> **Task material**
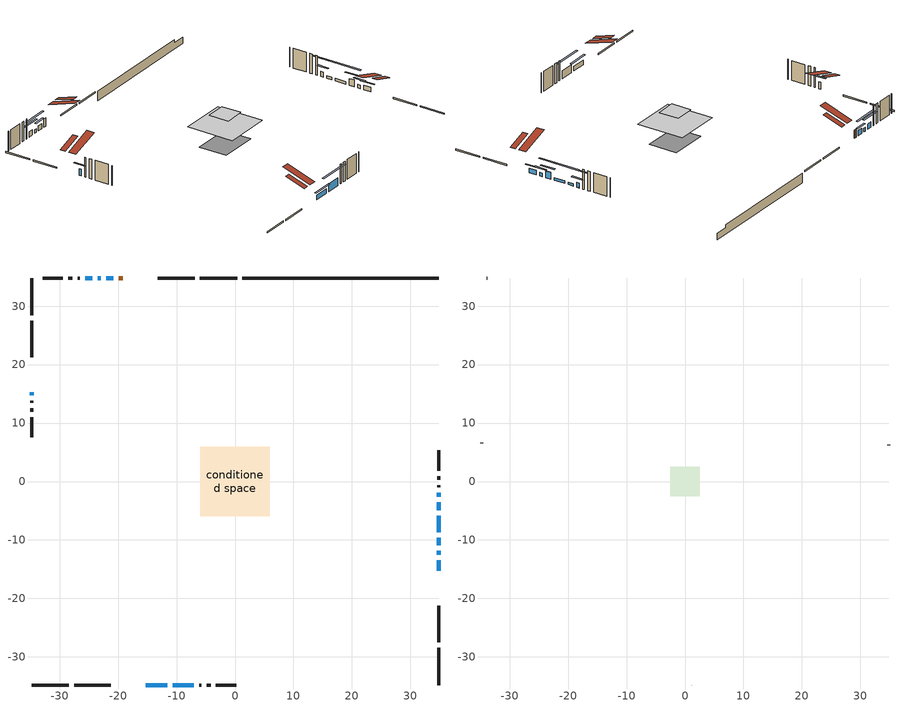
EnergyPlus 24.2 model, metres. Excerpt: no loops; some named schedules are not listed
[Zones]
conditioned space
 floor adiabatic (AdiabaticFloorConstruction): -5.93,-5.93 -5.93,5.93 5.93,5.93 5.93,-5.93 z3.2
 floor foundation (Slab1 construction): -4.81,-3.58 -4.81,3.58 4.81,3.58 4.81,-3.58 z-1.59
 wall outside (RimJoist1 construction): 0.35,34.81 -5.99,34.81 / -34.81,-34.81 -28.47,-34.81 / -34.81,34.81 -34.81,28.47 / 34.81,-34.81 34.81,-28.47 z0.76:1.06
 wall outside (RimJoist2 construction): -6.92,34.81 -13.21,34.81 / -27.54,-34.81 -21.25,-34.81 / -34.81,27.54 -34.81,21.25 / 34.81,-27.54 34.81,-21.25 z0.76:1.06
 wall outside (AdiabaticWallConstruction 1): -19.18,34.81 -19.88,34.81 z0.76:2.79
 wall outside (AdiabaticWallConstruction): 34.81,-15.28 34.81,-13.45 z0.76:1.83; 34.81,-12.52 34.81,-11.81 z0.76:1.62; 34.81,-10.88 34.81,-9.61 / -34.81,15.28 -34.81,14.77 z0.76:2.41; 34.81,-8.68 34.81,-5.89 / 34.81,-4.96 34.81,-3.56 z0.76:1.37; -20.8,34.81 -22.03,34.81 z0.76:2.03; -15.28,-34.81 -11.62,-34.81 z0.76:1.9; -22.95,34.81 -23.45,34.81 z0.76:1.68; 34.81,-2.64 34.81,-1.92 z0.76:1.98; -24.38,34.81 -25.65,34.81 z0.76:2.08; -10.69,-34.81 -7.03,-34.81 z0.76:2.74
 wall outside (Wall1 construction): -26.58,34.81 -26.92,34.81 / -6.1,-34.81 -5.76,-34.81 / -34.81,13.84 -34.81,13.5 / 34.81,-0.99 34.81,-0.65 z0.76:5.64
 wall outside (Wall2 construction): -27.85,34.81 -28.5,34.81 / -4.83,-34.81 -4.19,-34.81 / -34.81,12.57 -34.81,11.92 / 34.81,0.28 34.81,0.92 z0.76:5.64
 wall outside (Wall3 construction): -29.43,34.81 -32.88,34.81 / -3.26,-34.81 0.2,-34.81 / -34.81,10.99 -34.81,7.54 / 34.81,1.85 34.81,5.31 z0.76:5.64
 wall foundation (FoundationWall1 construction): 1.28,34.81,-1.59 1.28,34.81,0.76 31.46,34.81,0.76 31.46,34.81,0 34.81,34.81,0 34.81,34.81,-1.59
 window (WindowConstruction): 34.81,-15.28 34.81,-13.45 z0.76:1.83
 window (WindowConstruction 7): 34.81,-12.52 34.81,-11.81 z0.76:1.62
 window (WindowConstruction 8): 34.81,-10.88 34.81,-9.61 z0.76:2.41
 window (WindowConstruction 10): 34.81,-8.68 34.81,-5.89 z0.76:1.37
 window (WindowConstruction 11): 34.81,-4.96 34.81,-3.56 z0.76:1.37
 window (WindowConstruction 1): -20.8,34.81 -22.02,34.81 z0.76:2.03
 window (WindowConstruction 2): -15.28,-34.81 -11.62,-34.81 z0.76:1.9
 window (WindowConstruction 9): -22.95,34.81 -23.45,34.81 z0.76:1.67
 window (WindowConstruction 3): 34.81,-2.63 34.81,-1.92 z0.76:1.98
 window (WindowConstruction 4): -24.38,34.81 -25.65,34.81 z0.76:2.08
 window (WindowConstruction 5): -34.81,15.28 -34.81,14.77 z0.76:2.41
 window (WindowConstruction 6): -10.69,-34.81 -7.03,-34.81 z0.76:2.74
 door (Door): -19.18,34.81 -19.88,34.81 z0.76:2.79
 ceiling adiabatic (AdiabaticFloorConstruction): 5.93,-5.93 5.93,5.93 -5.93,5.93 -5.93,-5.93 z3.2
 roof outside (Roof2 construction): -18.25,34.81,5.64 -18.25,27.65,8.03 -16.36,27.65,8.03 -16.36,34.81,5.64; -16.21,-34.81,5.64 -16.21,-27.65,8.03 -18.09,-27.65,8.03 -18.09,-34.81,5.64; -34.81,16.21,5.64 -27.65,16.21,8.03 -27.65,18.09,8.03 -34.81,18.09,5.64; 34.81,-16.21,5.64 27.65,-16.21,8.03 27.65,-18.09,8.03 34.81,-18.09,5.64
attic - vented
 floor to conditioned space (Floor1 construction Reversed): -2.53,-2.53 -2.53,2.53 2.53,2.53 2.53,-2.53 z5.64
 wall outside (Wall4 construction): -33.81,34.81 -33.88,34.81 / 1.13,-34.81 1.2,-34.81 / -34.81,6.61 -34.81,6.54 / 34.81,6.24 34.81,6.3 z0.76:5.64
 roof outside (Roof1 construction): -15.44,34.81,5.64 -15.44,29.88,7.28 -14.14,29.88,7.28 -14.14,34.81,5.64; -19.02,-34.81,5.64 -19.02,-29.88,7.28 -20.32,-29.88,7.28 -20.32,-34.81,5.64; -34.81,19.02,5.64 -29.88,19.02,7.28 -29.88,20.32,7.28 -34.81,20.32,5.64; 34.81,-19.02,5.64 29.88,-19.02,7.28 29.88,-20.32,7.28 34.81,-20.32,5.64
shading: 34.81,-12.54 34.81,-16.19 35.11,-16.19 35.11,-12.54 z2.74; 34.81,-10.59 34.81,-13.74 35.22,-13.74 35.22,-10.59 z2.84; 34.81,-8.39 34.81,-12.1 35.22,-12.1 35.22,-8.39 z3.63; 34.81,-2.03 34.81,-12.54 35.22,-12.54 35.22,-2.03 z5.23; 34.81,0.3 34.81,-8.82 35.22,-8.82 35.22,0.3 z5.23; -22.94,34.81 -19.89,34.81 -19.89,35.22 -22.94,35.22 z2.94; -10.71,-34.81 -16.19,-34.81 -16.19,-35.21 -10.71,-35.21 z2.81; -26.5,34.81 -19.9,34.81 -19.9,35.21 -26.5,35.21 z4.73; 34.81,-0.7 34.81,-3.85 35.22,-3.85 35.22,-0.7 z3.2; -27.48,34.81 -22.55,34.81 -22.55,35.22 -27.48,35.22 z3.91; -34.81,13.55 -34.81,16.5 -35.22,16.5 -35.22,13.55 z3.63; -4.59,-34.81 -13.13,-34.81 -13.13,-35.22 -4.59,-35.22 z5.18
[Building]
Building 1: Terrain=Suburbs
[Site:Location]
Quebec Intl AP_QC: Latitude {deg}=46.8; Longitude {deg}=-71.38; Time Zone {hr}=-5; Elevation {m}=74; Keep Site Location Information=Yes
[Site:GroundTemperature:Shallow]
0.0108218, -2.24938, -2.43038, -1.3578, 2.94801, 7.23376, 10.9493, 13.303, 13.5029, 11.5886, 7.96783, 3.81355
[Site:WaterMainsTemperature]
Calculation Method=Schedule; Temperature Schedule=mains temperature schedule
[Material] Roughness=Rough; Thermal Absorptance=0.9
Name | Thickness {m} | Conductivity {W/m-K} | Density {kg/m3} | Specific Heat {J/kg-K} | Solar Absorptance | Visible Absorptance
asphalt or fiberglass shingles | 0.00635 | 0.162714 | 1121.4 | 1465.45 | 0.4 | 0.4
ceiling loosefill ins | 0.254 | 0.0480833 | 16.02 | 1046.75 | 0.7 | 0.7
ceiling stud and cavity | 0.1397 | 0.244866 | 65.682 | 1177.47 | 0.7 | 0.7
concrete 4.0 in. | 0.1016 | 1.803125 | 2242.8 | 837.4 | 0.7 | 0.7
concrete 8.0 in. | 0.2032 | 1.803125 | 2242.8 | 837.4 | 0.7 | 0.7
door material | 0.04445 | 0.0451087 | 512.64 | 1214.23 | 0.7 | 0.7
exterior vertical ins | 0.0563203 | 0.029427 | 32.04 | 1214.23 | 0.7 | 0.7
floor covering | 0.0127 | 0.0433444 | 54.468 | 1339.84 | 0.6 | 0.6
floor rigid ins; wall rigid ins 1 | 0.512978 | 0.029427 | 32.04 | 1214.23 | 0.7 | 0.7
floor stud and cavity | 0.1397 | 1.75129 | 37.0049 | 1207.88 | 0.7 | 0.7
furniture material conditioned space 1 | 0.1524 | 0.115458 | 640.8 | 1214.23 | 0.6 | 0.6
gypsum board | 0.0127 | 0.160291 | 801 | 837.4 | 0.6 | 0.6
gypsum board 1 | 0.0127 | 0.160291 | 801 | 837.4 | 0.7 | 0.7
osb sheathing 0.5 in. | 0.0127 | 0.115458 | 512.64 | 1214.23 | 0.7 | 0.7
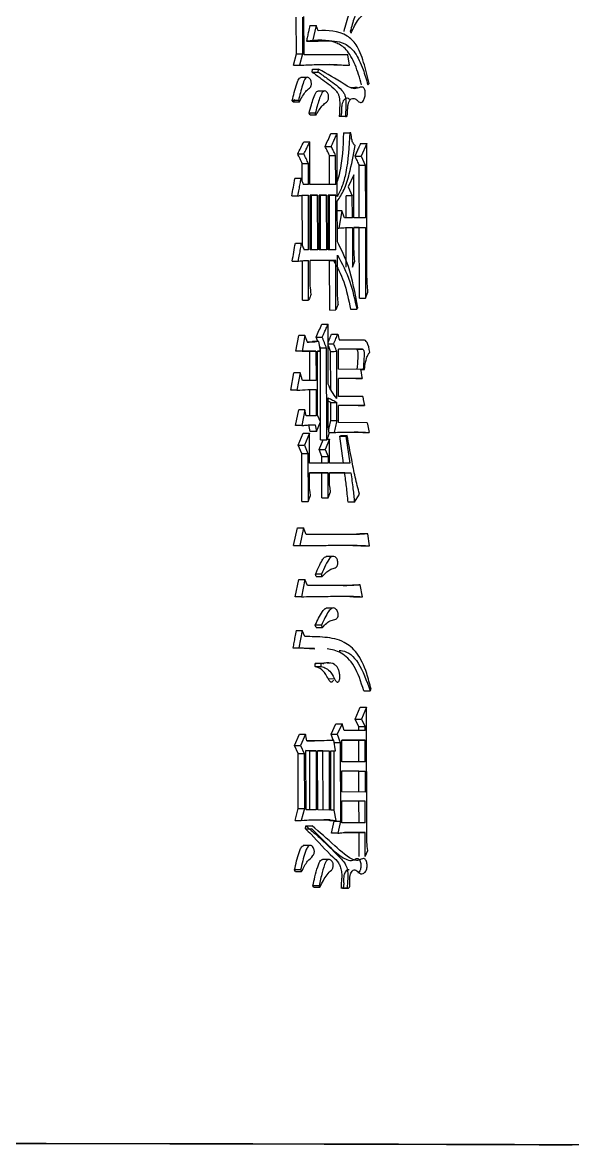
# Model space of a CAD drawing. Header units: millimetres. Extents: x 2462 to 4142, y 835 to 2023.
# Drawn here: x 3125.68 to 3133.6, y 1153.48 to 1169.68 of the extents above; entities that cross this region are included whole.
import ezdxf

# ---------------------------------------------------------------- set-up
doc = ezdxf.new("R2010")
doc.units = ezdxf.units.MM

msp = doc.modelspace()

# ---------------------------------------------------------------- linework, layer by layer
at = {"color": 7, "linetype": 'Continuous', "lineweight": 25}
for p, q in [((3129.621, 1169.223), (3129.62, 1169.753)), ((3129.708, 1169.753), (3129.709, 1169.223)), ((3129.732, 1169.212), (3129.731, 1169.764)), ((3129.904, 1169.634), (3129.855, 1169.407)), ((3129.936, 1169.558), (3129.904, 1169.634)), ((3129.766, 1169.407), (3129.855, 1169.407)), ((3129.58, 1169.061), (3129.621, 1169.223)), ((3129.621, 1169.223), (3129.709, 1169.223)), ((3129.709, 1169.223), (3129.668, 1169.061)), ((3130.361, 1169.211), (3129.732, 1169.212)), ((3130.388, 1169.06), (3130.361, 1169.211)), ((3129.848, 1168.963), (3129.853, 1169.006)), ((3129.848, 1168.963), (3129.937, 1168.963)), ((3129.853, 1169.006), (3129.942, 1169.006)), ((3129.937, 1168.963), (3129.942, 1169.006)), ((3129.773, 1168.886), (3129.684, 1168.886)), ((3130.651, 1168.778), (3130.668, 1168.799)), ((3130.02, 1168.689), (3129.93, 1168.688)), ((3129.651, 1168.553), (3129.562, 1168.552)), ((3129.576, 1168.531), (3129.562, 1168.552)), ((3129.597, 1168.569), (3129.576, 1168.531)), ((3129.576, 1168.531), (3129.664, 1168.531)), ((3129.893, 1168.368), (3129.804, 1168.368)), ((3129.818, 1168.346), (3129.804, 1168.368)), ((3129.818, 1168.346), (3129.906, 1168.347)), ((3130.327, 1168.324), (3130.238, 1168.324)), ((3130.256, 1168.324), (3130.238, 1168.324)), ((3130.345, 1168.324), (3130.256, 1168.324)), ((3130.327, 1168.324), (3130.345, 1168.324)), ((3129.817, 1167.341), (3129.816, 1167.957)), ((3130.209, 1167.167), (3130.208, 1168.076)), ((3130.3, 1168.086), (3130.39, 1168.086)), ((3130.407, 1168.086), (3130.39, 1168.086)), ((3130.635, 1167.934), (3130.553, 1167.75)), ((3130.638, 1166.009), (3130.635, 1167.934)), ((3129.641, 1167.784), (3129.73, 1167.784)), ((3130.034, 1167.892), (3130.123, 1167.892)), ((3129.706, 1167.383), (3129.706, 1167.643)), ((3129.795, 1167.341), (3129.794, 1167.644)), ((3130.097, 1167.762), (3130.186, 1167.762)), ((3130.098, 1167.34), (3130.097, 1167.762)), ((3130.187, 1167.34), (3130.186, 1167.762)), ((3130.526, 1166.863), (3130.524, 1167.62)), ((3130.553, 1167.75), (3130.614, 1167.62)), ((3130.614, 1167.62), (3130.615, 1166.863)), ((3130.448, 1167.48), (3130.369, 1167.307)), ((3130.449, 1166.864), (3130.448, 1167.48)), ((3129.795, 1167.341), (3129.721, 1167.341)), ((3130.187, 1167.34), (3129.817, 1167.341)), ((3130.369, 1167.307), (3130.426, 1167.177)), ((3129.556, 1167.178), (3129.644, 1167.179)), ((3129.708, 1166.465), (3129.706, 1167.186)), ((3129.796, 1166.4), (3129.795, 1167.189)), ((3129.926, 1167.189), (3129.818, 1167.189)), ((3129.819, 1166.4), (3129.818, 1167.189)), ((3129.838, 1167.189), (3129.818, 1167.189)), ((3129.838, 1167.189), (3129.926, 1167.189)), ((3129.839, 1166.4), (3129.838, 1167.189)), ((3129.928, 1166.399), (3129.926, 1167.189)), ((3130.057, 1167.189), (3129.949, 1167.189)), ((3129.95, 1166.399), (3129.949, 1167.189)), ((3129.968, 1167.189), (3129.949, 1167.189)), ((3129.968, 1167.189), (3130.057, 1167.189)), ((3129.97, 1166.399), (3129.968, 1167.189)), ((3130.059, 1166.399), (3130.057, 1167.189)), ((3130.187, 1167.189), (3130.08, 1167.189)), ((3130.081, 1166.399), (3130.08, 1167.189)), ((3130.098, 1167.188), (3130.08, 1167.188)), ((3130.098, 1167.188), (3130.187, 1167.189)), ((3130.099, 1166.399), (3130.098, 1167.188)), ((3130.188, 1166.399), (3130.187, 1167.189)), ((3130.426, 1167.177), (3130.337, 1167.177)), ((3130.338, 1166.863), (3130.337, 1167.177)), ((3130.427, 1166.864), (3130.426, 1167.177)), ((3130.211, 1166.518), (3130.21, 1167.102)), ((3130.276, 1166.961), (3130.21, 1166.961)), ((3130.276, 1166.961), (3130.232, 1166.713)), ((3130.312, 1166.864), (3130.276, 1166.961)), ((3130.427, 1166.864), (3130.312, 1166.864)), ((3130.615, 1166.863), (3130.449, 1166.864)), ((3130.21, 1166.712), (3130.232, 1166.713)), ((3130.339, 1166.149), (3130.338, 1166.723)), ((3130.427, 1166.723), (3130.428, 1166.15)), ((3130.449, 1166.723), (3130.615, 1166.723)), ((3130.45, 1166.452), (3130.449, 1166.723)), ((3130.526, 1166.722), (3130.449, 1166.723)), ((3130.526, 1166.722), (3130.615, 1166.723)), ((3130.528, 1165.706), (3130.526, 1166.722)), ((3130.615, 1166.723), (3130.617, 1165.706)), ((3129.796, 1166.4), (3129.732, 1166.4)), ((3129.928, 1166.399), (3129.819, 1166.4)), ((3130.059, 1166.399), (3129.95, 1166.399)), ((3130.188, 1166.399), (3130.081, 1166.399)), ((3130.212, 1165.836), (3130.211, 1166.323)), ((3129.709, 1165.675), (3129.708, 1166.244)), ((3129.797, 1165.675), (3129.796, 1166.248)), ((3130.189, 1166.247), (3129.819, 1166.248)), ((3129.82, 1165.978), (3129.819, 1166.248)), ((3130.1, 1166.247), (3129.819, 1166.248)), ((3130.1, 1166.247), (3130.189, 1166.247)), ((3130.101, 1165.533), (3130.1, 1166.247)), ((3130.19, 1165.534), (3130.189, 1166.247)), ((3130.428, 1166.15), (3130.463, 1166.236)), ((3129.709, 1165.675), (3129.797, 1165.675)), ((3130.528, 1165.706), (3130.617, 1165.706)), ((3130.617, 1165.706), (3130.652, 1165.792)), ((3130.101, 1165.533), (3130.19, 1165.534)), ((3130.08, 1164.463), (3130.078, 1165.328)), ((3129.614, 1164.939), (3129.655, 1165.166)), ((3129.743, 1165.167), (3129.703, 1164.939)), ((3129.78, 1165.069), (3129.743, 1165.167)), ((3129.944, 1165.08), (3129.855, 1165.079)), ((3129.904, 1165.144), (3129.993, 1165.144)), ((3129.93, 1165.08), (3129.904, 1165.144)), ((3129.971, 1164.939), (3129.944, 1165.08)), ((3130.079, 1165.047), (3130.159, 1165.047)), ((3130.588, 1165.1), (3130.24, 1165.101)), ((3129.703, 1164.939), (3129.614, 1164.939)), ((3129.814, 1164.939), (3129.614, 1164.939)), ((3129.703, 1164.939), (3129.903, 1164.939)), ((3129.903, 1164.939), (3129.814, 1164.939)), ((3129.815, 1164.517), (3129.814, 1164.939)), ((3129.903, 1164.939), (3129.904, 1164.517)), ((3129.926, 1164.939), (3129.971, 1164.939)), ((3129.927, 1164.02), (3129.926, 1164.939)), ((3129.971, 1164.939), (3129.926, 1164.939)), ((3129.968, 1164.982), (3129.958, 1165.008)), ((3130.056, 1164.982), (3129.968, 1164.982)), ((3129.968, 1164.956), (3129.968, 1164.982)), ((3129.97, 1163.662), (3129.968, 1164.939)), ((3130.059, 1163.662), (3130.056, 1164.982)), ((3130.116, 1164.39), (3130.115, 1164.938)), ((3130.205, 1164.257), (3130.204, 1164.939)), ((3130.575, 1164.97), (3130.226, 1164.971)), ((3130.227, 1164.679), (3130.226, 1164.971)), ((3130.485, 1164.97), (3130.226, 1164.971)), ((3129.542, 1164.377), (3129.587, 1164.626)), ((3129.676, 1164.626), (3129.63, 1164.377)), ((3129.708, 1164.518), (3129.676, 1164.626)), ((3130.545, 1164.678), (3130.227, 1164.679)), ((3130.567, 1164.548), (3130.227, 1164.549)), ((3130.228, 1164.289), (3130.227, 1164.549)), ((3130.477, 1164.548), (3130.227, 1164.549)), ((3130.477, 1164.548), (3130.567, 1164.548)), ((3130.584, 1164.678), (3130.545, 1164.678)), ((3130.545, 1164.678), (3130.601, 1164.678)), ((3130.584, 1164.678), (3130.601, 1164.678)), ((3129.63, 1164.377), (3129.542, 1164.377)), ((3129.904, 1164.517), (3129.708, 1164.518)), ((3129.816, 1164.009), (3129.815, 1164.387)), ((3129.904, 1164.387), (3129.905, 1164.009)), ((3130.081, 1163.846), (3130.08, 1164.268)), ((3130.116, 1164.203), (3130.08, 1164.222)), ((3130.576, 1164.289), (3130.228, 1164.289)), ((3129.611, 1163.868), (3129.657, 1164.095)), ((3129.745, 1164.096), (3129.7, 1163.869)), ((3129.764, 1164.009), (3129.745, 1164.096)), ((3130.116, 1164.203), (3130.206, 1164.203)), ((3130.117, 1163.943), (3130.116, 1164.203)), ((3130.206, 1163.943), (3130.206, 1164.203)), ((3130.602, 1164.159), (3130.228, 1164.16)), ((3130.228, 1163.911), (3130.228, 1164.16)), ((3130.513, 1164.159), (3130.228, 1164.159)), ((3130.513, 1164.159), (3130.602, 1164.159)), ((3129.905, 1164.009), (3129.764, 1164.009)), ((3129.91, 1163.782), (3129.968, 1163.922)), ((3129.968, 1163.922), (3129.927, 1164.02)), ((3130.117, 1163.943), (3130.206, 1163.943)), ((3130.642, 1163.91), (3130.228, 1163.911)), ((3129.7, 1163.869), (3129.611, 1163.868)), ((3129.649, 1163.587), (3129.721, 1163.76)), ((3129.81, 1163.76), (3129.737, 1163.587)), ((3129.821, 1163.781), (3129.803, 1163.879)), ((3129.81, 1163.327), (3129.81, 1163.76)), ((3129.891, 1163.879), (3129.91, 1163.782)), ((3130.092, 1163.77), (3130.166, 1163.77)), ((3130.246, 1163.716), (3130.264, 1163.726)), ((3130.264, 1163.726), (3130.353, 1163.727)), ((3130.287, 1163.773), (3130.456, 1163.773)), ((3130.353, 1163.727), (3130.335, 1163.716)), ((3130.579, 1163.769), (3130.668, 1163.769)), ((3129.699, 1163.468), (3129.649, 1163.587)), ((3129.737, 1163.587), (3129.787, 1163.468)), ((3129.948, 1163.522), (3130.006, 1163.662)), ((3129.97, 1163.662), (3130.059, 1163.662)), ((3130.099, 1163.673), (3130.036, 1163.522)), ((3130.063, 1163.673), (3130.099, 1163.673)), ((3130.1, 1163.327), (3130.099, 1163.673)), ((3130.246, 1163.716), (3130.335, 1163.716)), ((3130.3, 1163.326), (3130.246, 1163.716)), ((3130.335, 1163.716), (3130.389, 1163.326)), ((3129.7, 1162.776), (3129.699, 1163.468)), ((3129.787, 1163.468), (3129.789, 1162.776)), ((3129.988, 1163.424), (3129.948, 1163.522)), ((3129.988, 1163.327), (3129.988, 1163.424)), ((3130.036, 1163.522), (3130.077, 1163.424)), ((3130.077, 1163.424), (3130.077, 1163.327)), ((3130.077, 1163.327), (3129.81, 1163.327)), ((3130.389, 1163.326), (3130.1, 1163.327)), ((3129.811, 1163.187), (3130.077, 1163.186)), ((3129.811, 1162.96), (3129.811, 1163.187)), ((3129.989, 1163.186), (3129.811, 1163.186)), ((3130.077, 1163.186), (3129.989, 1163.186)), ((3129.989, 1162.829), (3129.989, 1163.186)), ((3130.078, 1162.829), (3130.077, 1163.186)), ((3130.1, 1163.186), (3130.407, 1163.186)), ((3130.1, 1163.013), (3130.1, 1163.186)), ((3130.317, 1163.186), (3130.1, 1163.186)), ((3130.317, 1163.186), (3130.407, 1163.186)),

> **Requirement**
Each line from the first line of the records through the line containing "wall outside (AdiabaticWallConstruction 1): -19.18,34.81" must be reproduced exactly, with both ends included and all pictures omitted; nothing else belongs in the answer.

> **Answer box**
EnergyPlus 24.2 model, metres. Excerpt: no loops; some named schedules are not listed
[Zones]
conditioned space
 floor adiabatic (AdiabaticFloorConstruction): -5.93,-5.93 -5.93,5.93 5.93,5.93 5.93,-5.93 z3.2
 floor foundation (Slab1 construction): -4.81,-3.58 -4.81,3.58 4.81,3.58 4.81,-3.58 z-1.59
 wall outside (RimJoist1 construction): 0.35,34.81 -5.99,34.81 / -34.81,-34.81 -28.47,-34.81 / -34.81,34.81 -34.81,28.47 / 34.81,-34.81 34.81,-28.47 z0.76:1.06
 wall outside (RimJoist2 construction): -6.92,34.81 -13.21,34.81 / -27.54,-34.81 -21.25,-34.81 / -34.81,27.54 -34.81,21.25 / 34.81,-27.54 34.81,-21.25 z0.76:1.06
 wall outside (AdiabaticWallConstruction 1): -19.18,34.81 -19.88,34.81 z0.76:2.79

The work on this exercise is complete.